**ASSIGNED TASK**
Pictures in the entries below are to be left out; otherwise, reproduce exactly the lines from the first through the line containing "line L3 (8.4936, -9.889) -> (8.5, -10)".
____ ENTRIES PROVIDED
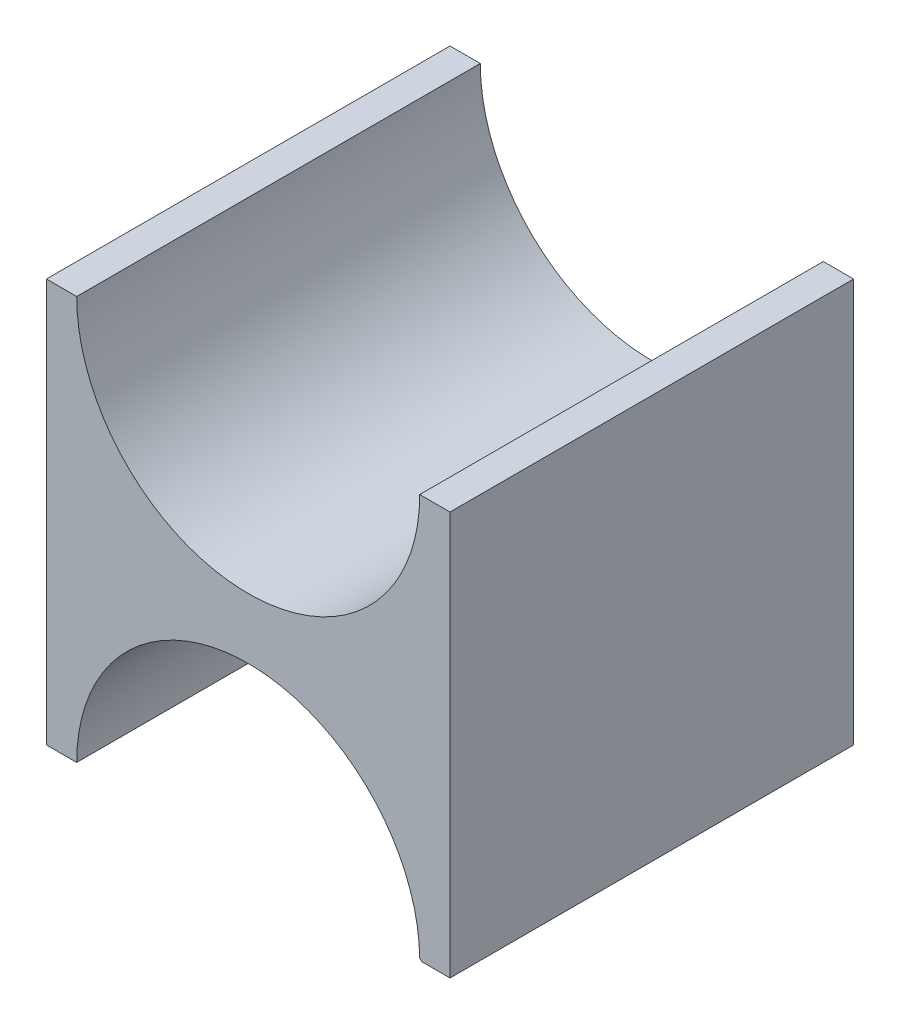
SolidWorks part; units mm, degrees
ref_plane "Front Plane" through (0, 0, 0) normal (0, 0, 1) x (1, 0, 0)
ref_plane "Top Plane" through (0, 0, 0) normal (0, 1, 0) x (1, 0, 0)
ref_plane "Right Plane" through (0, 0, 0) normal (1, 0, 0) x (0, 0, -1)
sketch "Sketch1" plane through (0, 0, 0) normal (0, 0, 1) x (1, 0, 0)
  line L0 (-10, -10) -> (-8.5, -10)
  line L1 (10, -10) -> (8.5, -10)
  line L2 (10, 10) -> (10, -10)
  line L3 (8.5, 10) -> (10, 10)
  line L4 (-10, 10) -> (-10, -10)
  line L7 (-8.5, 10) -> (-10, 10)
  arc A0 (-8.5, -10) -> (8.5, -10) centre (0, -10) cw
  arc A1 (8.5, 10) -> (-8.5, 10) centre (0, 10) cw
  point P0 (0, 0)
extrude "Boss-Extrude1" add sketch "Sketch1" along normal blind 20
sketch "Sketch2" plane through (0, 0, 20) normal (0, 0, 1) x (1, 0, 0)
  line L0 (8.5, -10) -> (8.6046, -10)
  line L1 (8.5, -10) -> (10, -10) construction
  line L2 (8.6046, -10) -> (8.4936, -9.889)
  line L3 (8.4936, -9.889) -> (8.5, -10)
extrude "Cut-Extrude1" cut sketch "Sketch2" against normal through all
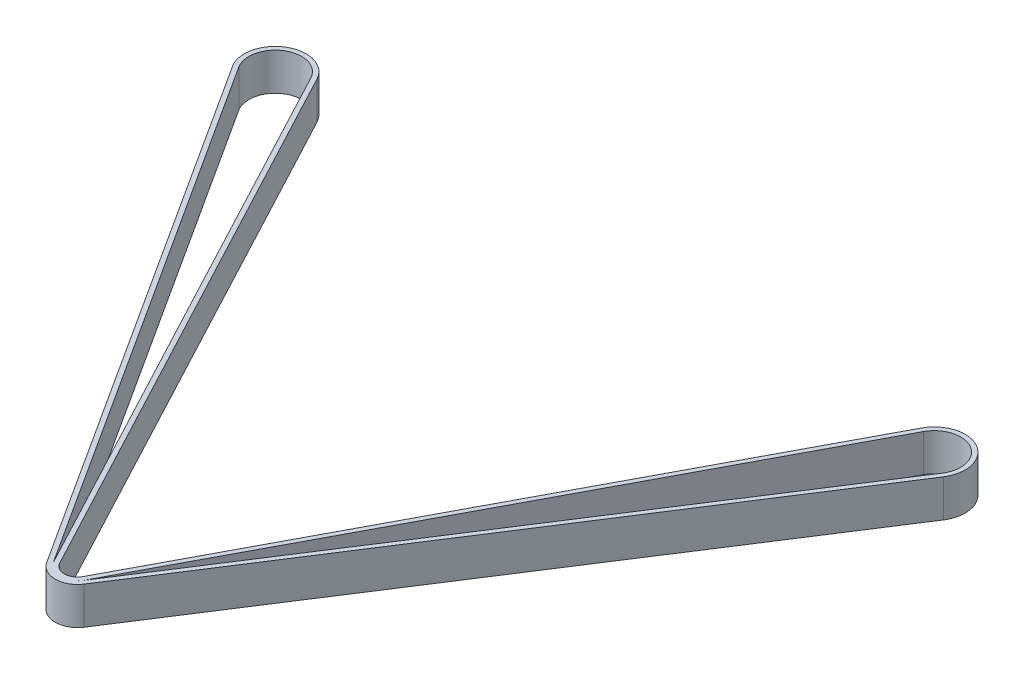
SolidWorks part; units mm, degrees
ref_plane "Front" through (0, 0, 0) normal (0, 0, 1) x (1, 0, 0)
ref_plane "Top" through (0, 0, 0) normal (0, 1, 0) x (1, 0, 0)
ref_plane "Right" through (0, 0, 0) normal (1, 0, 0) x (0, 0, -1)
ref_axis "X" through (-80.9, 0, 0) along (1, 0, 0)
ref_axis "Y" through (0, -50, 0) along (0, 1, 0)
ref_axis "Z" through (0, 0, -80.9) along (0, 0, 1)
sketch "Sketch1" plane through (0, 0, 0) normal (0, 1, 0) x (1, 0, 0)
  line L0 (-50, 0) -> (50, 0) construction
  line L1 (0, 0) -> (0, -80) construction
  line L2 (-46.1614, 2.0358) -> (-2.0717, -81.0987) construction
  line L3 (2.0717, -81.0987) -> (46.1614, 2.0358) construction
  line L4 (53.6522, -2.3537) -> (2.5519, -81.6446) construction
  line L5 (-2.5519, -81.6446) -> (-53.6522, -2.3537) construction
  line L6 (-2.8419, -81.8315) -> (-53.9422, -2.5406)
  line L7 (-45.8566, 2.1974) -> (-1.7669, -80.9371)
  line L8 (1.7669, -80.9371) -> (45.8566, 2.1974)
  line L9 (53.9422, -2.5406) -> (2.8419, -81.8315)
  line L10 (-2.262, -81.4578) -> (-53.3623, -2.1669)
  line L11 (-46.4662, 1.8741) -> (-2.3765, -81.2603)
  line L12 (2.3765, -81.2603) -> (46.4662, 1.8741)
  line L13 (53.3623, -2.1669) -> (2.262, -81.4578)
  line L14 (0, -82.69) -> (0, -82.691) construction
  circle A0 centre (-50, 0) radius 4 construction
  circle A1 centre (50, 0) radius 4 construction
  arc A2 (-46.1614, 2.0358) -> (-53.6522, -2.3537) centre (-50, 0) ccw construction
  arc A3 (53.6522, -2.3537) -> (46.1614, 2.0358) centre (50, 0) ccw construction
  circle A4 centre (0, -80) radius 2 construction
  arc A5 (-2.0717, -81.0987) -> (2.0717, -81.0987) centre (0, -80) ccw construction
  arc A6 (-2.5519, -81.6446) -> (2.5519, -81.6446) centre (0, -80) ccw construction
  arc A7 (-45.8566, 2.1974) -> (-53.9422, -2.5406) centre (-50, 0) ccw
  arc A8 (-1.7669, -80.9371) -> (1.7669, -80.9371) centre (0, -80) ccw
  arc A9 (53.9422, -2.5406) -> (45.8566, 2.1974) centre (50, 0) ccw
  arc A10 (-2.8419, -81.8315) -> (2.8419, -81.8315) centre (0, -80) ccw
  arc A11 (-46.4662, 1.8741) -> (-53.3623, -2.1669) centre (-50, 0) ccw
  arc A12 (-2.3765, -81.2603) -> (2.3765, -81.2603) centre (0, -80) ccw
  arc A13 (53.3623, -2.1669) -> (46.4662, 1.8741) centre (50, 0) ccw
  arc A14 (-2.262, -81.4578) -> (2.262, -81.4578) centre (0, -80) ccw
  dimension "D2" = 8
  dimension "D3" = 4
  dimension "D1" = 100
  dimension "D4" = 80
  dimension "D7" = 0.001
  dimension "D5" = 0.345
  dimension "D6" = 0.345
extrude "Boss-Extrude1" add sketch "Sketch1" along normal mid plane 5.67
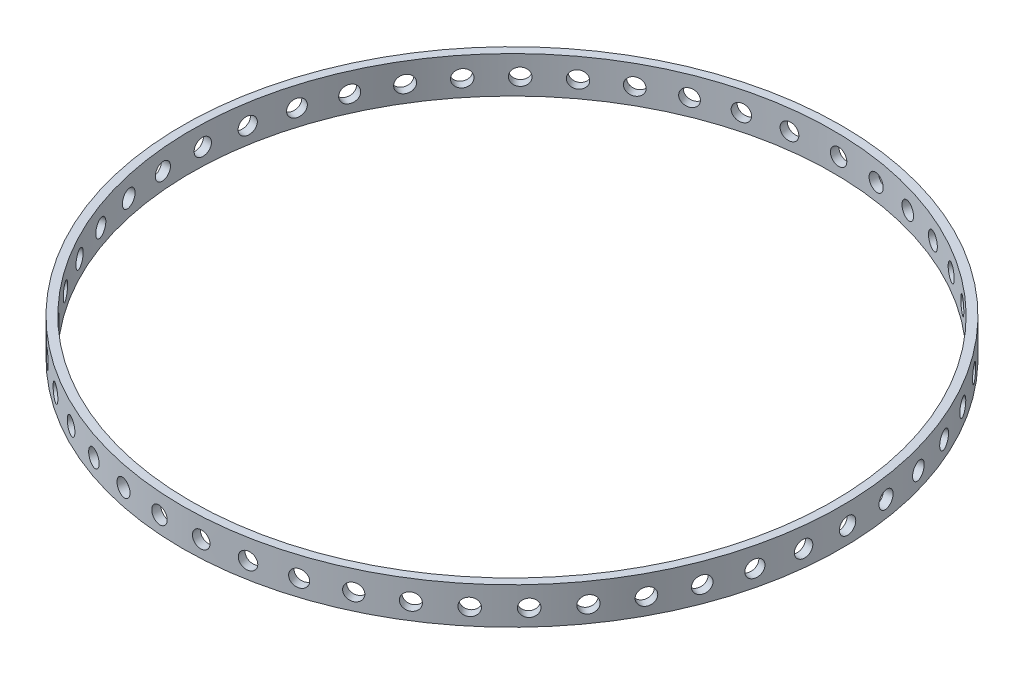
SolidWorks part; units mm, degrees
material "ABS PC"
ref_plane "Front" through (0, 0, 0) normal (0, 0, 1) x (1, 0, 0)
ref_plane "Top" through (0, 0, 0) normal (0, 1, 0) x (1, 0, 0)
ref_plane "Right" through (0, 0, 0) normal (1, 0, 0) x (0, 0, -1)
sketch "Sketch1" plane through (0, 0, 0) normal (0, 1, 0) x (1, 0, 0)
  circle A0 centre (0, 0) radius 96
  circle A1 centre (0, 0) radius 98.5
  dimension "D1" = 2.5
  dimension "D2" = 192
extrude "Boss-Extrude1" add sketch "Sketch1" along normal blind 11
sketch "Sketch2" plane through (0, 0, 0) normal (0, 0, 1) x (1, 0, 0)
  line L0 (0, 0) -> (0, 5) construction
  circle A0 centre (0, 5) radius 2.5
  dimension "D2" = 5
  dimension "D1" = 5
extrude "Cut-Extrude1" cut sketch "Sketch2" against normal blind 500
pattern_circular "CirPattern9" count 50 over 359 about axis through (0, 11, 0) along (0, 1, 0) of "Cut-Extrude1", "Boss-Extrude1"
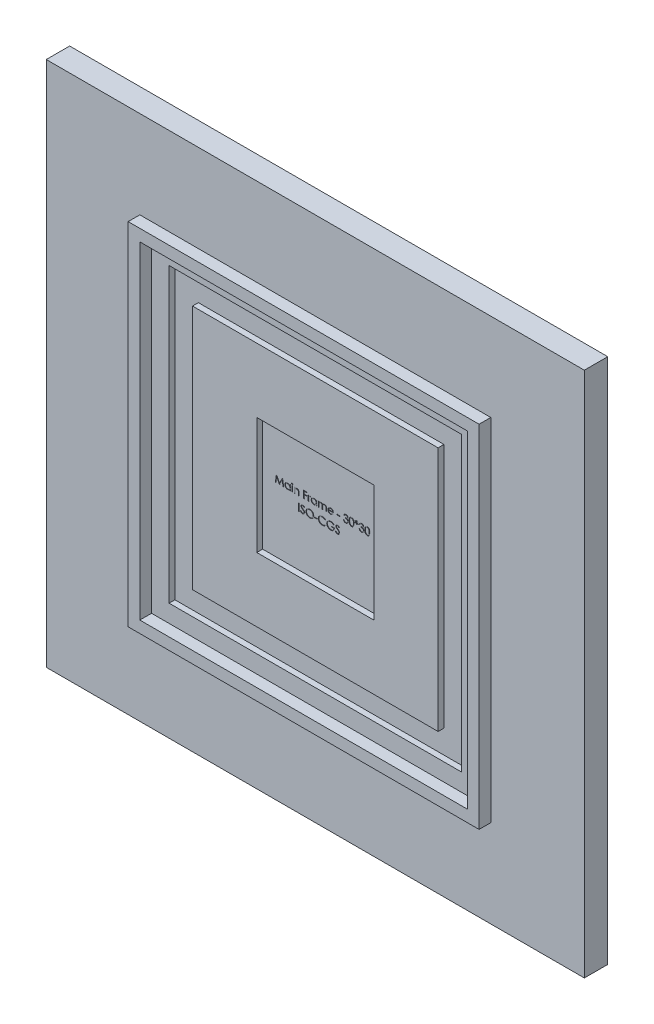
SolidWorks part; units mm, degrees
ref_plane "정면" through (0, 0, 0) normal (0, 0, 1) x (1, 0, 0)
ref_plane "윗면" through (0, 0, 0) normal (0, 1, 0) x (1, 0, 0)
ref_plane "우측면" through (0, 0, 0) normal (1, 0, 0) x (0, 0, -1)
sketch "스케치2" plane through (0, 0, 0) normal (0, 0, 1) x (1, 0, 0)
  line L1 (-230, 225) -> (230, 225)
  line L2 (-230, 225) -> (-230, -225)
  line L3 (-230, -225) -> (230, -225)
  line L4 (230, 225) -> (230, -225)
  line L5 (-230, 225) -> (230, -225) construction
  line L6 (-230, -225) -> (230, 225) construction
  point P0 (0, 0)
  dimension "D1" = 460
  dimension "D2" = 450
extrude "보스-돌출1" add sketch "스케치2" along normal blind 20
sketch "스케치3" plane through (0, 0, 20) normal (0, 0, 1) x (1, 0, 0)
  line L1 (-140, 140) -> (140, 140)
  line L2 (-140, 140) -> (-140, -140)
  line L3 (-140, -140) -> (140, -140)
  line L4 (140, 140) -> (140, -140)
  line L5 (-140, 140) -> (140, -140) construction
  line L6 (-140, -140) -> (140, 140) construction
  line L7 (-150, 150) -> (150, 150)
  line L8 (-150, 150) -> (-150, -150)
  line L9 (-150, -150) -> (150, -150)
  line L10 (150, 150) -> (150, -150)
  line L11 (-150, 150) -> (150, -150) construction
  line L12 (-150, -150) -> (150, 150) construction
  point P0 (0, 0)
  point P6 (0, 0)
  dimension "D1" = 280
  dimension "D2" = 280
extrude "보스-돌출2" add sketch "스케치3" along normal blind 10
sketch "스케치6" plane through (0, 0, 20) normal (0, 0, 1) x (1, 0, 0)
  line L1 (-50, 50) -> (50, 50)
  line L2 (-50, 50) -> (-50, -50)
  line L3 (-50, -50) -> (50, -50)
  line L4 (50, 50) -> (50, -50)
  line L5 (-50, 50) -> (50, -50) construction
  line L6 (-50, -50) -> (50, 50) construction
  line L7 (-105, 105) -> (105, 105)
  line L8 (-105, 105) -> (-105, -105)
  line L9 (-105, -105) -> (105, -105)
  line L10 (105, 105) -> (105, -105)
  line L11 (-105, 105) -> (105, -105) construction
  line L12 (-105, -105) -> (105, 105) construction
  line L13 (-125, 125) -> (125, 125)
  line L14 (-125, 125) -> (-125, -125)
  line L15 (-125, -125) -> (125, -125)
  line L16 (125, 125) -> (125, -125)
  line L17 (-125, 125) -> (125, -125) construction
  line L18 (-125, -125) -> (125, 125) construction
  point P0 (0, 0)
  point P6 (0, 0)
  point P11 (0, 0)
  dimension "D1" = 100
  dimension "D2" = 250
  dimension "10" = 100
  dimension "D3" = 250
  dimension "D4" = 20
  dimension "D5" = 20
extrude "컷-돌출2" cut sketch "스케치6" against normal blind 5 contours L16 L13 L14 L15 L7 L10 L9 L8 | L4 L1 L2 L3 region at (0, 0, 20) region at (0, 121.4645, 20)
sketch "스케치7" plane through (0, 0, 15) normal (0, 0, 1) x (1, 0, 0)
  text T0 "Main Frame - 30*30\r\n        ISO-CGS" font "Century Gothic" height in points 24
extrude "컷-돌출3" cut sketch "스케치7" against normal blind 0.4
________
**RESPONSE FOR THIS EXERCISE**
SolidWorks part; units mm, degrees
ref_plane "Front Plane" through (0, 0, 0) normal (0, 0, 1) x (1, 0, 0)
ref_plane "Top Plane" through (0, 0, 0) normal (0, 1, 0) x (1, 0, 0)
ref_plane "Right Plane" through (0, 0, 0) normal (1, 0, 0) x (0, 0, -1)
sketch "Sketch1" plane through (0, 0, 0) normal (0, 0, 1) x (1, 0, 0)
  line L0 (-10, -10) -> (-8.5, -10)
  line L1 (10, -10) -> (8.5, -10)
  line L2 (10, 10) -> (10, -10)
  line L3 (8.5, 10) -> (10, 10)
  line L4 (-10, 10) -> (-10, -10)
  line L7 (-8.5, 10) -> (-10, 10)
  arc A0 (-8.5, -10) -> (8.5, -10) centre (0, -10) cw
  arc A1 (8.5, 10) -> (-8.5, 10) centre (0, 10) cw
  point P0 (0, 0)
extrude "Boss-Extrude1" add sketch "Sketch1" along normal blind 20
sketch "Sketch2" plane through (0, 0, 20) normal (0, 0, 1) x (1, 0, 0)
  line L0 (8.5, -10) -> (8.6046, -10)
  line L1 (8.5, -10) -> (10, -10) construction
  line L2 (8.6046, -10) -> (8.4936, -9.889)
  line L3 (8.4936, -9.889) -> (8.5, -10)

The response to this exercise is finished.